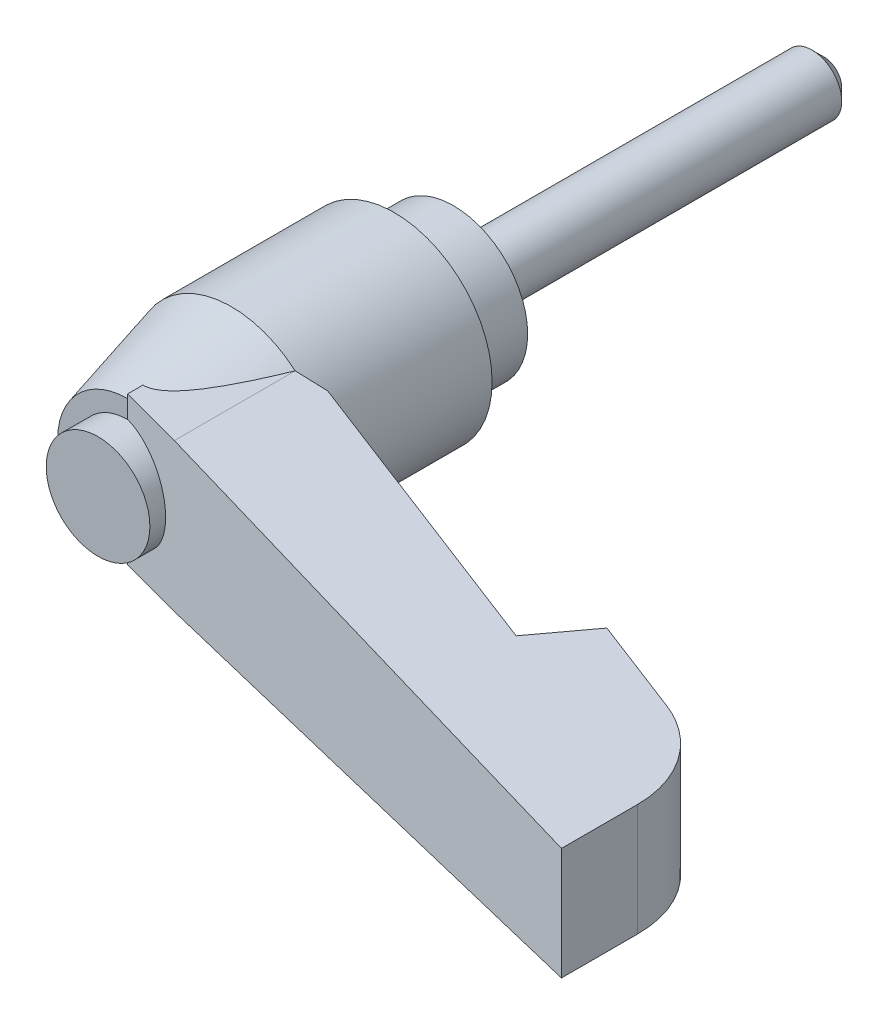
ISO-10303-21;
HEADER;
FILE_DESCRIPTION(('STEP AP214'),'2;1');
FILE_NAME('part.step','',(''),(''),'','','');
FILE_SCHEMA(('AUTOMOTIVE_DESIGN { 1 0 10303 214 1 1 1 1 }'));
ENDSEC;
DATA;
#1=APPLICATION_CONTEXT('core data for automotive mechanical design processes');
#2=APPLICATION_PROTOCOL_DEFINITION('international standard','automotive_design',2000,#1);
#3=PRODUCT_CONTEXT('',#1,'mechanical');
#4=PRODUCT('Part','Part','',(#3));
#5=PRODUCT_RELATED_PRODUCT_CATEGORY('part','',(#4));
#6=PRODUCT_DEFINITION_FORMATION('','',#4);
#7=PRODUCT_DEFINITION_CONTEXT('part definition',#1,'design');
#8=PRODUCT_DEFINITION('design','',#6,#7);
#9=PRODUCT_DEFINITION_SHAPE('','',#8);
#10=(LENGTH_UNIT() NAMED_UNIT(*) SI_UNIT(.MILLI.,.METRE.));
#11=(NAMED_UNIT(*) PLANE_ANGLE_UNIT() SI_UNIT($,.RADIAN.));
#12=(NAMED_UNIT(*) SI_UNIT($,.STERADIAN.) SOLID_ANGLE_UNIT());
#13=UNCERTAINTY_MEASURE_WITH_UNIT(LENGTH_MEASURE(1.E-05),#10,'distance_accuracy_value','');
#14=(GEOMETRIC_REPRESENTATION_CONTEXT(3) GLOBAL_UNCERTAINTY_ASSIGNED_CONTEXT((#13)) GLOBAL_UNIT_ASSIGNED_CONTEXT((#10,
#11,#12)) REPRESENTATION_CONTEXT('',''));
#15=CARTESIAN_POINT('',(0.,0.,0.));
#16=DIRECTION('',(0.,0.,1.));
#17=DIRECTION('',(1.,0.,0.));
#18=AXIS2_PLACEMENT_3D('',#15,#16,#17);
#19=CARTESIAN_POINT('',(2.024,-2.030964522,-25.));
#20=DIRECTION('',(0.,0.,-1.));
#21=DIRECTION('',(-1.,0.,0.));
#22=AXIS2_PLACEMENT_3D('',#19,#20,#21);
#23=PLANE('',#22);
#24=CARTESIAN_POINT('',(0.,0.,-25.));
#25=DIRECTION('',(0.,0.,-1.));
#26=DIRECTION('',(-1.,0.,0.));
#27=AXIS2_PLACEMENT_3D('',#24,#25,#26);
#28=CIRCLE('',#27,1.19999999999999);
#29=CARTESIAN_POINT('',(-1.19999999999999,0.,-25.));
#30=VERTEX_POINT('',#29);
#31=EDGE_CURVE('E9',#30,#30,#28,.T.);
#32=ORIENTED_EDGE('',*,*,#31,.T.);
#33=EDGE_LOOP('',(#32));
#34=FACE_BOUND('',#33,.T.);
#35=ADVANCED_FACE('F14',(#34),#23,.T.);
#36=CARTESIAN_POINT('',(0.,0.,-25.));
#37=DIRECTION('',(0.,0.,1.));
#38=DIRECTION('',(1.,0.,0.));
#39=AXIS2_PLACEMENT_3D('',#36,#37,#38);
#40=CYLINDRICAL_SURFACE('',#39,2.);
#41=CARTESIAN_POINT('',(0.,0.,-24.2));
#42=DIRECTION('',(0.,0.,-1.));
#43=DIRECTION('',(-1.,0.,0.));
#44=AXIS2_PLACEMENT_3D('',#41,#42,#43);
#45=CIRCLE('',#44,2.);
#46=CARTESIAN_POINT('',(-2.,0.,-24.2));
#47=VERTEX_POINT('',#46);
#48=EDGE_CURVE('E23',#47,#47,#45,.F.);
#49=ORIENTED_EDGE('',*,*,#48,.T.);
#50=EDGE_LOOP('',(#49));
#51=FACE_BOUND('',#50,.T.);
#52=CARTESIAN_POINT('',(0.,0.,0.));
#53=DIRECTION('',(0.,0.,1.));
#54=DIRECTION('',(1.,0.,0.));
#55=AXIS2_PLACEMENT_3D('',#52,#53,#54);
#56=CIRCLE('',#55,2.);
#57=CARTESIAN_POINT('',(2.,0.,0.));
#58=VERTEX_POINT('',#57);
#59=EDGE_CURVE('E143',#58,#58,#56,.F.);
#60=ORIENTED_EDGE('',*,*,#59,.T.);
#61=EDGE_LOOP('',(#60));
#62=FACE_BOUND('',#61,.T.);
#63=ADVANCED_FACE('F367',(#51,#62),#40,.T.);
#64=CARTESIAN_POINT('',(-5.06,-5.077411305,0.));
#65=DIRECTION('',(0.,0.,1.));
#66=DIRECTION('',(1.,0.,0.));
#67=AXIS2_PLACEMENT_3D('',#64,#65,#66);
#68=PLANE('',#67);
#69=ORIENTED_EDGE('',*,*,#59,.F.);
#70=EDGE_LOOP('',(#69));
#71=FACE_BOUND('',#70,.T.);
#72=CARTESIAN_POINT('',(0.,0.,0.));
#73=DIRECTION('',(0.,0.,1.));
#74=DIRECTION('',(1.,0.,0.));
#75=AXIS2_PLACEMENT_3D('',#72,#73,#74);
#76=CIRCLE('',#75,5.);
#77=CARTESIAN_POINT('',(5.,0.,0.));
#78=VERTEX_POINT('',#77);
#79=EDGE_CURVE('E122',#78,#78,#76,.T.);
#80=ORIENTED_EDGE('',*,*,#79,.F.);
#81=EDGE_LOOP('',(#80));
#82=FACE_BOUND('',#81,.T.);
#83=ADVANCED_FACE('F369',(#71,#82),#68,.F.);
#84=CARTESIAN_POINT('',(-3.542,-3.554187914,24.));
#85=DIRECTION('',(0.,0.,1.));
#86=DIRECTION('',(1.,0.,0.));
#87=AXIS2_PLACEMENT_3D('',#84,#85,#86);
#88=PLANE('',#87);
#89=CARTESIAN_POINT('',(0.,0.,24.));
#90=DIRECTION('',(0.,0.,1.));
#91=DIRECTION('',(1.,0.,0.));
#92=AXIS2_PLACEMENT_3D('',#89,#90,#91);
#93=CIRCLE('',#92,3.5);
#94=CARTESIAN_POINT('',(3.5,0.,24.));
#95=VERTEX_POINT('',#94);
#96=EDGE_CURVE('E208',#95,#95,#93,.F.);
#97=ORIENTED_EDGE('',*,*,#96,.F.);
#98=EDGE_LOOP('',(#97));
#99=FACE_BOUND('',#98,.T.);
#100=ADVANCED_FACE('F365',(#99),#88,.T.);
#101=CARTESIAN_POINT('',(0.,0.,0.));
#102=DIRECTION('',(0.,0.,1.));
#103=DIRECTION('',(1.,0.,0.));
#104=AXIS2_PLACEMENT_3D('',#101,#102,#103);
#105=CYLINDRICAL_SURFACE('',#104,5.);
#106=CARTESIAN_POINT('',(0.,0.,4.));
#107=DIRECTION('',(0.,0.,1.));
#108=DIRECTION('',(1.,0.,0.));
#109=AXIS2_PLACEMENT_3D('',#106,#107,#108);
#110=CIRCLE('',#109,5.);
#111=CARTESIAN_POINT('',(5.,0.,4.));
#112=VERTEX_POINT('',#111);
#113=EDGE_CURVE('E273',#112,#112,#110,.F.);
#114=ORIENTED_EDGE('',*,*,#113,.T.);
#115=EDGE_LOOP('',(#114));
#116=FACE_BOUND('',#115,.T.);
#117=ORIENTED_EDGE('',*,*,#79,.T.);
#118=EDGE_LOOP('',(#117));
#119=FACE_BOUND('',#118,.T.);
#120=ADVANCED_FACE('F362',(#116,#119),#105,.T.);
#121=CARTESIAN_POINT('',(6.5,1.121419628,15.));
#122=DIRECTION('',(0.,0.,-1.));
#123=DIRECTION('',(-1.,0.,0.));
#124=AXIS2_PLACEMENT_3D('',#121,#122,#123);
#125=PLANE('',#124);
#126=DIRECTION('',(-0.999423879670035,0.0339397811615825,0.));
#127=VECTOR('',#126,1.);
#128=CARTESIAN_POINT('',(22.154065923,4.393963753,15.));
#129=LINE('',#128,#127);
#130=CARTESIAN_POINT('',(6.4999999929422,4.9255655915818,15.));
#131=VERTEX_POINT('',#130);
#132=CARTESIAN_POINT('',(4.30813184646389,4.99999999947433,15.0000000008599));
#133=VERTEX_POINT('',#132);
#134=EDGE_CURVE('E206',#131,#133,#129,.T.);
#135=ORIENTED_EDGE('',*,*,#134,.F.);
#136=DIRECTION('',(0.,1.,0.));
#137=VECTOR('',#136,1.);
#138=CARTESIAN_POINT('',(6.5,0.,15.));
#139=LINE('',#138,#137);
#140=CARTESIAN_POINT('',(6.5,1.14455231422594,15.));
#141=VERTEX_POINT('',#140);
#142=EDGE_CURVE('E203',#141,#131,#139,.T.);
#143=ORIENTED_EDGE('',*,*,#142,.F.);
#144=CARTESIAN_POINT('',(0.,0.,15.));
#145=DIRECTION('',(0.,0.,1.));
#146=DIRECTION('',(1.,0.,0.));
#147=AXIS2_PLACEMENT_3D('',#144,#145,#146);
#148=CIRCLE('',#147,6.6);
#149=EDGE_CURVE('E284',#133,#141,#148,.F.);
#150=ORIENTED_EDGE('',*,*,#149,.F.);
#151=EDGE_LOOP('',(#135,#143,#150));
#152=FACE_BOUND('',#151,.T.);
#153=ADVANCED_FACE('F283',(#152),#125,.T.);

══════════

• Problem statement:
Leaving out the pictures, restate each line of the listing above verbatim, from the opening line to the line bearing "#1=APPLICATION_CONTEXT('core data for", inclusive, and no more.

• Solution to this exercise:
ISO-10303-21;
HEADER;
FILE_DESCRIPTION(('STEP AP214'),'2;1');
FILE_NAME('part.step','',(''),(''),'','','');
FILE_SCHEMA(('AUTOMOTIVE_DESIGN { 1 0 10303 214 1 1 1 1 }'));
ENDSEC;
DATA;
#1=APPLICATION_CONTEXT('core data for automotive mechanical design processes');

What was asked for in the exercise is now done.